Science & Environment

X-ray lasers from tabletop device

X-ray beam
Image caption The development could pave the way for super high-resolution imaging

An international team of scientists has generated the first laser-like beams of X-rays from a tabletop device.

Most of today's X-ray lasers require so much power they rely on facilities the size of sports stadiums.

This has prompted efforts to build a cost-effective and reasonably sized X-ray laser.

The development, reported in Science journal, could pave the way for super high-resolution imaging that could peer into a cell or a chemical reaction.

"Because X-ray wavelengths are 1,000 times shorter than visible light and they penetrate materials, these coherent X-ray beams promise revolutionary new capabilities," said co-author Margaret Murnane, professor of physics at the University of Colorado in Boulder, US.

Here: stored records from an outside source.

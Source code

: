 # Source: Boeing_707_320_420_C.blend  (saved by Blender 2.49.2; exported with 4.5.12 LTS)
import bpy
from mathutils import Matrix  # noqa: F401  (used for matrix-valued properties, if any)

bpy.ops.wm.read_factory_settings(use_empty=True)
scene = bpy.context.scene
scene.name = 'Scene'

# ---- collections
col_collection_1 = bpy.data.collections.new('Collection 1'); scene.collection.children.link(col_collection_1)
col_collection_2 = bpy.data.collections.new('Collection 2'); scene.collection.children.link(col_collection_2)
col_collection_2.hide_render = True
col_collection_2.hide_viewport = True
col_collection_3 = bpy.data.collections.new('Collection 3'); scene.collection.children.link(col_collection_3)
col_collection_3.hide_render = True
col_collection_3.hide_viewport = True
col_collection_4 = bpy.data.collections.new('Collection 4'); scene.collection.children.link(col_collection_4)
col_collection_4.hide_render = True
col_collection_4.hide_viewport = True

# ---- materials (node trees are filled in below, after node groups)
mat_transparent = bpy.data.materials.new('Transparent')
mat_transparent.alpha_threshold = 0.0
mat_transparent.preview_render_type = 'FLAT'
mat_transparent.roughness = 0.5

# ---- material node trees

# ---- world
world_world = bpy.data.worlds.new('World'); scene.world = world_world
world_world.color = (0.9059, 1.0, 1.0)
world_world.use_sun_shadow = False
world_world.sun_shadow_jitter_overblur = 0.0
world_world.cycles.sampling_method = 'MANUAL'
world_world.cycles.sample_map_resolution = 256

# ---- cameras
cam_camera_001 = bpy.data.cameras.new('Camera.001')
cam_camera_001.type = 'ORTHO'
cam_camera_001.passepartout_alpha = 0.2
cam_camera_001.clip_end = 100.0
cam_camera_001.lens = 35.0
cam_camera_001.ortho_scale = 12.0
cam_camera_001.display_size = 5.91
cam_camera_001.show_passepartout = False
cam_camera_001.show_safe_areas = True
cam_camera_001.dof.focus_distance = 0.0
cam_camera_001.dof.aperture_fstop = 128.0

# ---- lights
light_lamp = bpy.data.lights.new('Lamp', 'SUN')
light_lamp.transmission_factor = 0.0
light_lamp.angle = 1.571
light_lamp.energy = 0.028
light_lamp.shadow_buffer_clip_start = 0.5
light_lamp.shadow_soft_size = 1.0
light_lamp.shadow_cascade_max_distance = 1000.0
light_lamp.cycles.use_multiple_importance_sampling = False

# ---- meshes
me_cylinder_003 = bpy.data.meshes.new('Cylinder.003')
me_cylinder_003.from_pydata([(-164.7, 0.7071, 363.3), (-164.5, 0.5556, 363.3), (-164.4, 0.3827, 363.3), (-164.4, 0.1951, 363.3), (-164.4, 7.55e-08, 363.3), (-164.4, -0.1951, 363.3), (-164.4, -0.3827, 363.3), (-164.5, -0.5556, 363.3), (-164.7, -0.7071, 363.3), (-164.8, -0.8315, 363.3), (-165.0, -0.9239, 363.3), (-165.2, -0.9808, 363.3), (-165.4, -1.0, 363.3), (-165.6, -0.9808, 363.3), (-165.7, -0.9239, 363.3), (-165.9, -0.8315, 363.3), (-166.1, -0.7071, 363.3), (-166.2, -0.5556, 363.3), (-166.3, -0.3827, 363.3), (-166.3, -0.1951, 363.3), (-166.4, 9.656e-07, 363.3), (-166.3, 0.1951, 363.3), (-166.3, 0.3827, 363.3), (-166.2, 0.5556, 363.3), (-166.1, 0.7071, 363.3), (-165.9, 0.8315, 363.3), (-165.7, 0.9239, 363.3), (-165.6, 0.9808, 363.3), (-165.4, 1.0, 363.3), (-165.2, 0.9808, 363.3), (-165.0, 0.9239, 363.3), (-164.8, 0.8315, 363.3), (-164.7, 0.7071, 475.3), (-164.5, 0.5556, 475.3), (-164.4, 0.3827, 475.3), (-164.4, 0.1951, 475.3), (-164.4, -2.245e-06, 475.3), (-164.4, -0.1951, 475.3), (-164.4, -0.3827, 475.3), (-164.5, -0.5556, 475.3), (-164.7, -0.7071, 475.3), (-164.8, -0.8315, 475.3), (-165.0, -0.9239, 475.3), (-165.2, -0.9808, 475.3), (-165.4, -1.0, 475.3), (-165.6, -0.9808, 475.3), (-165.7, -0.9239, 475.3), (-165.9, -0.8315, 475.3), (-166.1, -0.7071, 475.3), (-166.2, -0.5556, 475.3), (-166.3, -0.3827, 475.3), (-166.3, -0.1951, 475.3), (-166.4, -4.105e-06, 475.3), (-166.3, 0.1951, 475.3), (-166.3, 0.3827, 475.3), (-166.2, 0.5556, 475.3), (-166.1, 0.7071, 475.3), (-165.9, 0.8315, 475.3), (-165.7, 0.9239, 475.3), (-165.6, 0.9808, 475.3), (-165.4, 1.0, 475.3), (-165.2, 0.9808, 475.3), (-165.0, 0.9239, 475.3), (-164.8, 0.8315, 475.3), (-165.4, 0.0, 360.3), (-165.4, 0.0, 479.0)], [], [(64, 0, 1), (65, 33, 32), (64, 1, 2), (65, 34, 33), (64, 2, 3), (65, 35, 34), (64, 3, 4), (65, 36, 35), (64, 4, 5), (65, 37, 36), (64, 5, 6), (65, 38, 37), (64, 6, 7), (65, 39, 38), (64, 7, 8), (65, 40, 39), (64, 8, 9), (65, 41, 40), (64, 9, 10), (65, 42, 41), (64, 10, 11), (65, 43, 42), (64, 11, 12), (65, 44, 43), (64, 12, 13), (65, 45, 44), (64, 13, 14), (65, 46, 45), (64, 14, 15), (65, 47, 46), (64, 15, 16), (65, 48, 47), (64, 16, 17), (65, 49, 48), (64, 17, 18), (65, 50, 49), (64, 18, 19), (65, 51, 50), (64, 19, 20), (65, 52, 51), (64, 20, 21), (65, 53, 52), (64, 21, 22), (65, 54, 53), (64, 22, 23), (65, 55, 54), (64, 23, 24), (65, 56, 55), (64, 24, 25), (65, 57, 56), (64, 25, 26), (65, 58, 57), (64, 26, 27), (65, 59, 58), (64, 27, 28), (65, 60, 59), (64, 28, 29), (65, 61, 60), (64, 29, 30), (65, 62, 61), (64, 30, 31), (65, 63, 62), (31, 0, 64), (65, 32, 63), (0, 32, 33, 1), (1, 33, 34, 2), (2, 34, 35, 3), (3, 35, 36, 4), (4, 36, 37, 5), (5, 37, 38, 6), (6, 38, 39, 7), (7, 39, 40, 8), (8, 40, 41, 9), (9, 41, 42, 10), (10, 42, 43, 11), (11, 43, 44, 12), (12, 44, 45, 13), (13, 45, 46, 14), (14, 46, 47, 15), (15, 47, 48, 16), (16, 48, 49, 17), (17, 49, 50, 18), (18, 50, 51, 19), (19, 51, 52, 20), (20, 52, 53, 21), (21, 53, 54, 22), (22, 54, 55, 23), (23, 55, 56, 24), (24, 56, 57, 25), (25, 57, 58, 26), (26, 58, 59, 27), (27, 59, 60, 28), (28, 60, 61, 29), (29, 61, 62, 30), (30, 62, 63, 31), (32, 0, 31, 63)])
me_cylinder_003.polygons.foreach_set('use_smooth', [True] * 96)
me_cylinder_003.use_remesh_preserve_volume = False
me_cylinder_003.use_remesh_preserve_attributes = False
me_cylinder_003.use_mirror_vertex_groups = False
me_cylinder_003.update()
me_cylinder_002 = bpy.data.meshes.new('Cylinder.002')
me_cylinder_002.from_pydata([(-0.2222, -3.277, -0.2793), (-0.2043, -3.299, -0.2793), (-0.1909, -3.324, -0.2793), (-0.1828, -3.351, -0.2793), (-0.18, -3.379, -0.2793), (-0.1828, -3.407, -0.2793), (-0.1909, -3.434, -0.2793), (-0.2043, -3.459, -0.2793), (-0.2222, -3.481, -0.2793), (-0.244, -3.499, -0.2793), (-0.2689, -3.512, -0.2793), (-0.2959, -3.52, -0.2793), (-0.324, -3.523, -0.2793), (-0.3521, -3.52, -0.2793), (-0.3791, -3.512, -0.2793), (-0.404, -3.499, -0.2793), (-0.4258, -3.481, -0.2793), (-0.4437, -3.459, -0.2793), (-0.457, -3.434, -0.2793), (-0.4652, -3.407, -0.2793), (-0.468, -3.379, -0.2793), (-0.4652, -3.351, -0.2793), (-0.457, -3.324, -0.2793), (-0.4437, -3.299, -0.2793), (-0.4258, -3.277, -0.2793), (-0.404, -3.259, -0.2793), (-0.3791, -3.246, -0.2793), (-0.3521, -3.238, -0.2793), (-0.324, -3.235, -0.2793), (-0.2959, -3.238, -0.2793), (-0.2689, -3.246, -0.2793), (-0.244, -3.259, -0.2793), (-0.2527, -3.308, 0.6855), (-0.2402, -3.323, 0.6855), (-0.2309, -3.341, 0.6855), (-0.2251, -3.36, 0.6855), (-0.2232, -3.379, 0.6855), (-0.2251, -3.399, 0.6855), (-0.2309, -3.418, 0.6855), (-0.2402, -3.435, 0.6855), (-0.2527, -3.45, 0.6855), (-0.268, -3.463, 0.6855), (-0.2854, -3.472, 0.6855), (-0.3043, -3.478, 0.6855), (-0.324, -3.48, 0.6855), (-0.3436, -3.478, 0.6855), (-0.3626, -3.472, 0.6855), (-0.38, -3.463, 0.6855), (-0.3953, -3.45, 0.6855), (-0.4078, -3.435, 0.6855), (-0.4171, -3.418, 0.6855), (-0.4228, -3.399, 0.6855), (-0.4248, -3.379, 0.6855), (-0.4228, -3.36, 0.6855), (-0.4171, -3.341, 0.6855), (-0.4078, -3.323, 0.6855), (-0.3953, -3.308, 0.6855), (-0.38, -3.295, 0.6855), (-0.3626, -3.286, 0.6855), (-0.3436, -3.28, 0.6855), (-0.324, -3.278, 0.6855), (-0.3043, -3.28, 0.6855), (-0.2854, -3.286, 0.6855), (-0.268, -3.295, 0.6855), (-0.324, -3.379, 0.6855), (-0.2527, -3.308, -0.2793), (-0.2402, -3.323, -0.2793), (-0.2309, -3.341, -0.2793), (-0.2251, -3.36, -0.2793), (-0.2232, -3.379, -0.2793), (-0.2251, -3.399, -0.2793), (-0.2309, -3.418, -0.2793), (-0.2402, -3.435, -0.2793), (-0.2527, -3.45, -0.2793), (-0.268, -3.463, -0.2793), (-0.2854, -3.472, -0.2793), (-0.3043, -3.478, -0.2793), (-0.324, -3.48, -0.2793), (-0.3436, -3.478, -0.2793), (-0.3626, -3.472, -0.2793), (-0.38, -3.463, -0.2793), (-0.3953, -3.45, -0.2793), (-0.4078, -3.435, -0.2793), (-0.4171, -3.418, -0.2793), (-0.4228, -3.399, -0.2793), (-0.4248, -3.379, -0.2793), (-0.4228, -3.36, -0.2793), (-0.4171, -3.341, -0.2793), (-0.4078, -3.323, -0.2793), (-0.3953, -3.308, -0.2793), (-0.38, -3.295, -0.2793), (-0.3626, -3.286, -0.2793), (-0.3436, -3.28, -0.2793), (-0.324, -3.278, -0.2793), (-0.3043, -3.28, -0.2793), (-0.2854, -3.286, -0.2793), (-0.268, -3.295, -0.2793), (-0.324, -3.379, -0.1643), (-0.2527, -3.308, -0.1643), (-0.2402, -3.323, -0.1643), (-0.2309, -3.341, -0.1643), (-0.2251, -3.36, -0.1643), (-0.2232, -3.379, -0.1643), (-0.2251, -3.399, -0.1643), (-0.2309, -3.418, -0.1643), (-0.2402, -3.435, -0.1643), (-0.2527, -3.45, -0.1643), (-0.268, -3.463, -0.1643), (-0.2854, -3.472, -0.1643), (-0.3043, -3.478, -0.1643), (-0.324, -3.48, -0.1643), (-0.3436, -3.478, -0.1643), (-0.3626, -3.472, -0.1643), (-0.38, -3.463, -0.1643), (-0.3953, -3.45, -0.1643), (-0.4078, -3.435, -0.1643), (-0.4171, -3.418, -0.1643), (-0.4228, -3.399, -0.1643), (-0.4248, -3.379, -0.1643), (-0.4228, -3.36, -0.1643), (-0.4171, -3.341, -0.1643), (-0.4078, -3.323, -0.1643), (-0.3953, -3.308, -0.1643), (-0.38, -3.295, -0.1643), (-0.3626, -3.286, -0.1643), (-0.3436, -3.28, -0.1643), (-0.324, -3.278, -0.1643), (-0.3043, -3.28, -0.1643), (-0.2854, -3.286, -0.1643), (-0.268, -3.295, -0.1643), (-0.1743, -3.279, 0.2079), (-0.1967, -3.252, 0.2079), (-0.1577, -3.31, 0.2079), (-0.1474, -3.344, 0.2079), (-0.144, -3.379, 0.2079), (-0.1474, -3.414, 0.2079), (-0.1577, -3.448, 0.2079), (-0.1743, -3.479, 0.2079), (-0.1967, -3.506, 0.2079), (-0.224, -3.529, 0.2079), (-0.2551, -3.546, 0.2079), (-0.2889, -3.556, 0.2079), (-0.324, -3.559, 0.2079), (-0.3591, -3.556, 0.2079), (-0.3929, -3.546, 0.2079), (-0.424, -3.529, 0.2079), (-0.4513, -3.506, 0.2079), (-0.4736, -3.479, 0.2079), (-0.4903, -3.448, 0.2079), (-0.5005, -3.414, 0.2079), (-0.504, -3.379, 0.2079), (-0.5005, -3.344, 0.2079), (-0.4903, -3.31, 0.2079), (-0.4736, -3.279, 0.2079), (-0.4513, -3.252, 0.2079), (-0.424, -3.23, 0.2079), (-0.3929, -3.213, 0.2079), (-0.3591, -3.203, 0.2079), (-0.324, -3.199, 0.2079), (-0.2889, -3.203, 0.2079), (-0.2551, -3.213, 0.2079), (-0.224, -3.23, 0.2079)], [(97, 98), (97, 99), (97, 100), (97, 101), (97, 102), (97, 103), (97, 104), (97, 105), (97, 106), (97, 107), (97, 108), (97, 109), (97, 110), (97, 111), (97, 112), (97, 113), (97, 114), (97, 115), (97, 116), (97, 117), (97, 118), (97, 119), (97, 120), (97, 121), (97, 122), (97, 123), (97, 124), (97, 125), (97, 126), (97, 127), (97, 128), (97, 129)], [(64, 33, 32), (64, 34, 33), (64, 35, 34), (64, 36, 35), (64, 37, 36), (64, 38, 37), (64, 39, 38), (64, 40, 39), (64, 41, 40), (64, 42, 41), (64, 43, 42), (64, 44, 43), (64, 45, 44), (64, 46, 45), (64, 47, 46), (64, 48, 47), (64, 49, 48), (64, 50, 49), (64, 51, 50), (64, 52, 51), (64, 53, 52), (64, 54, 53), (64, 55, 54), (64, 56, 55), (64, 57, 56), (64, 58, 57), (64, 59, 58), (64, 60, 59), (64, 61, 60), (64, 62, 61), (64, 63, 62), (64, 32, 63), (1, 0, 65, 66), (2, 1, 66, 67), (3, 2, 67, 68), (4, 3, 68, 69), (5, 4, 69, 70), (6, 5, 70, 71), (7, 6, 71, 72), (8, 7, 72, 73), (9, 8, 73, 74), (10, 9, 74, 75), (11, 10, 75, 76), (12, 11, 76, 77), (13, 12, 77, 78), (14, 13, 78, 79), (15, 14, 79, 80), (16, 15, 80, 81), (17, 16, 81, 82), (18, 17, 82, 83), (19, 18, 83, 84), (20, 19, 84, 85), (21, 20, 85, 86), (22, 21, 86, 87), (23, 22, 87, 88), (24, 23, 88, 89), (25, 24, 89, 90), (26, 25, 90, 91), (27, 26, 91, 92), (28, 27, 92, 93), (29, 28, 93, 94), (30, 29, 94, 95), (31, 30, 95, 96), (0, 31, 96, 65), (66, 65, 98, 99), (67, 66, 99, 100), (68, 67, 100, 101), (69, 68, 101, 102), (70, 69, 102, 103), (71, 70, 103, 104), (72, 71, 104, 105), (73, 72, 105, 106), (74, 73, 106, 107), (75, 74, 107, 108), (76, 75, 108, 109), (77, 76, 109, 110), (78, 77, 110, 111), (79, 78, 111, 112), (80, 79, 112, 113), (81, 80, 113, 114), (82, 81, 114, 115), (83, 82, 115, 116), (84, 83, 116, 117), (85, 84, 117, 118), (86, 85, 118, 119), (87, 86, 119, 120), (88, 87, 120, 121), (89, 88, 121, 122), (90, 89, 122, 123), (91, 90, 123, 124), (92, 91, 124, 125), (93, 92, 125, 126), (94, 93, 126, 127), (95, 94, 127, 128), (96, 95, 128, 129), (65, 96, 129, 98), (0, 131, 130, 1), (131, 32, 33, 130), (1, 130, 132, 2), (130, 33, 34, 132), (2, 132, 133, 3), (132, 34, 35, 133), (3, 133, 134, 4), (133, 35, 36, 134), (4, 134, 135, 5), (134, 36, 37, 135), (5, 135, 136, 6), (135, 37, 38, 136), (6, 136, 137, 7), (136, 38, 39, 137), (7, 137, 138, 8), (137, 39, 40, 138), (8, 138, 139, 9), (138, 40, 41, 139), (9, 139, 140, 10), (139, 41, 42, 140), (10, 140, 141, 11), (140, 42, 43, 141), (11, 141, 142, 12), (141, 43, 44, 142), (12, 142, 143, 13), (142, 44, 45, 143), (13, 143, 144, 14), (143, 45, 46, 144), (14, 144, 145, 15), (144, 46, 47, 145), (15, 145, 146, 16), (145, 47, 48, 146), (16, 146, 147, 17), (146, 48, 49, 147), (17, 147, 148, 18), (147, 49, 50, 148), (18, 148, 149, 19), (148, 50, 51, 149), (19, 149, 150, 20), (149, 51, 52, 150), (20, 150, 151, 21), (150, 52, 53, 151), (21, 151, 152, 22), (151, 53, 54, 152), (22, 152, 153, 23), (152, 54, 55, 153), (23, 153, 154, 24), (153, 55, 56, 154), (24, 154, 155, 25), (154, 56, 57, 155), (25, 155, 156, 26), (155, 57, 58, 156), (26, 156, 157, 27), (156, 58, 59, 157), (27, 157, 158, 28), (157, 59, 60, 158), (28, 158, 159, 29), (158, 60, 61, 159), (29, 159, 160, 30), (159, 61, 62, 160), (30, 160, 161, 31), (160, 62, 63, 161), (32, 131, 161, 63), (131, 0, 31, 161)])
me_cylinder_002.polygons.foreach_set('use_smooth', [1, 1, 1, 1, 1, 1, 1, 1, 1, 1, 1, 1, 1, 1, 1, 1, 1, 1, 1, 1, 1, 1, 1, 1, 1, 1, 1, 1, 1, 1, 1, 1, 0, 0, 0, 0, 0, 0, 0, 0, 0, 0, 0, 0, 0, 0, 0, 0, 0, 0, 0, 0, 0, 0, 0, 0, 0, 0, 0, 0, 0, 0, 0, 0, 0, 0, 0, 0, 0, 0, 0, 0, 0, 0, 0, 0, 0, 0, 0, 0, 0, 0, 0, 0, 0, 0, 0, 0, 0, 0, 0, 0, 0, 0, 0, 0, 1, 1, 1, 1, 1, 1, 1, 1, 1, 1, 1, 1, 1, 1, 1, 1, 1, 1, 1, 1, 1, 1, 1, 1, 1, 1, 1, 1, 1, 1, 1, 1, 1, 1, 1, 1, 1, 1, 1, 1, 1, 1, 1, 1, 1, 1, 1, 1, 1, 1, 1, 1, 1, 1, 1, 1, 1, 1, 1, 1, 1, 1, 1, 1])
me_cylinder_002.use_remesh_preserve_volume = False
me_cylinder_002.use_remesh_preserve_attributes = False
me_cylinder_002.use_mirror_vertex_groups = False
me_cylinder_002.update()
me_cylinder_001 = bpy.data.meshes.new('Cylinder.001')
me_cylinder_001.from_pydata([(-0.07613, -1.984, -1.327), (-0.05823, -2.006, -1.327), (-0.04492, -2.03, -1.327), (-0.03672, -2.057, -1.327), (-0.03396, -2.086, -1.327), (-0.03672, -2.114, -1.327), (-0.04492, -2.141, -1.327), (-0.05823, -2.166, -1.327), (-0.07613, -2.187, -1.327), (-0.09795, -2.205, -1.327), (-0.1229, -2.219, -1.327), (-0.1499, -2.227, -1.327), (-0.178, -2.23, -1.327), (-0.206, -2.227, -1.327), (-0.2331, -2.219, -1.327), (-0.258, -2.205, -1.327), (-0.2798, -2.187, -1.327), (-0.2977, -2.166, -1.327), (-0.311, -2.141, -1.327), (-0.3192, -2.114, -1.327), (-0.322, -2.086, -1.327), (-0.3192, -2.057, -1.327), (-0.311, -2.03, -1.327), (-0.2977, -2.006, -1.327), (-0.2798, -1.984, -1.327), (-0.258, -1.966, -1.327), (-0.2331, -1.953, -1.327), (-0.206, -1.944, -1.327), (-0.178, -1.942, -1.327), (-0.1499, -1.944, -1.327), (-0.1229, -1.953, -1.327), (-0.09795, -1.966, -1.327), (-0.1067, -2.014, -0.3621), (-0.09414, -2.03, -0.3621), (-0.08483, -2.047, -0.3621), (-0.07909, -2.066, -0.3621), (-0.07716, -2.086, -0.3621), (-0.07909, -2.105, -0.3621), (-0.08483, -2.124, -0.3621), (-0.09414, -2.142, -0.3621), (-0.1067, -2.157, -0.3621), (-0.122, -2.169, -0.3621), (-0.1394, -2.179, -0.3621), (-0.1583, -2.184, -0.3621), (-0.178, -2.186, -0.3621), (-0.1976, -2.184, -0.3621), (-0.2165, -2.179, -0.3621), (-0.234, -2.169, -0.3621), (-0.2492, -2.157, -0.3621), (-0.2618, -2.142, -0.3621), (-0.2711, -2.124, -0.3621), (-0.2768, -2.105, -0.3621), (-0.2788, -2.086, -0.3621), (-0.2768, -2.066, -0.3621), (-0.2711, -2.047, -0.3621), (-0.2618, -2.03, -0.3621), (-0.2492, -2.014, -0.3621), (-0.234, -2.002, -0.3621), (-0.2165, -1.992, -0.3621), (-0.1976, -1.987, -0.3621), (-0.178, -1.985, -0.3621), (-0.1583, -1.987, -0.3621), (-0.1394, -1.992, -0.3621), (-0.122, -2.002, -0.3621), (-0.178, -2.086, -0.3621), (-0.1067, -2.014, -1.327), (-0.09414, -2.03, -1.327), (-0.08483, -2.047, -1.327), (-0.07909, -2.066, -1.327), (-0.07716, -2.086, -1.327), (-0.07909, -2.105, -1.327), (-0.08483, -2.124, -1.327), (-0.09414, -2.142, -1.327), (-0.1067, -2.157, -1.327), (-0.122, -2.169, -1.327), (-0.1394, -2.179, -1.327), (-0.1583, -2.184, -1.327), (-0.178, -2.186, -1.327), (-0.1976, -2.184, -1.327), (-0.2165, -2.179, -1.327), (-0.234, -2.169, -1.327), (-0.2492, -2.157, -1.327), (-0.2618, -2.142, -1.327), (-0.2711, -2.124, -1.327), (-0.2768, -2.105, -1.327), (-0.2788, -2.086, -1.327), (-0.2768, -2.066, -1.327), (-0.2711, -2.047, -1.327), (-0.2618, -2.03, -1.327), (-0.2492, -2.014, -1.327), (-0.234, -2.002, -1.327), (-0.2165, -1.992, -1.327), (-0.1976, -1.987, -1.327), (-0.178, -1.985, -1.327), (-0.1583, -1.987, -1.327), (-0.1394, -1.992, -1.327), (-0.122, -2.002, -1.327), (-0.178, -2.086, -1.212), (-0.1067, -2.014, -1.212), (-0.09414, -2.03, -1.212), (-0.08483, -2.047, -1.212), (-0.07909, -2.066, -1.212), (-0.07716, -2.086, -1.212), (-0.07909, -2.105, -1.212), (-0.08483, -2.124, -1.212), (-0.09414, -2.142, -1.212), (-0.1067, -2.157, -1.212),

In a laser beam, all the photons (light particles) oscillate in perfect unison. The wave crests are aligned - this kind of radiation is called "coherent".

The energy for the X-ray beam was supplied by short infrared laser pulses. They are fired at noble gases, where they rip electrons out of the atoms.

These electrons are then accelerated by the infrared light and return to their atoms, where they convert their kinetic energy into X-ray radiation.

The coherent beam generated in the latest study covers a broad energy spectrum - simultaneously streaming ultraviolet light, X-rays, and all wavelengths in between.

Image caption When a laser is focused into high pressure gas, part of the laser is converted into an X-ray beam

"This is the broadest spectral bandwidth, coherent light source ever generated," said Prod Henry Kapteyn, from the University of Colorado at Boulder.

The kind of radiation produced used to be available only in expensive particle accelerators called synchrotrons.

"Synchrotrons still deliver more photons per second than our beam does, but for many applications, our light source will be very useful," said co-author Audrius Pugzlys of the Technical University, Vienna in Austria.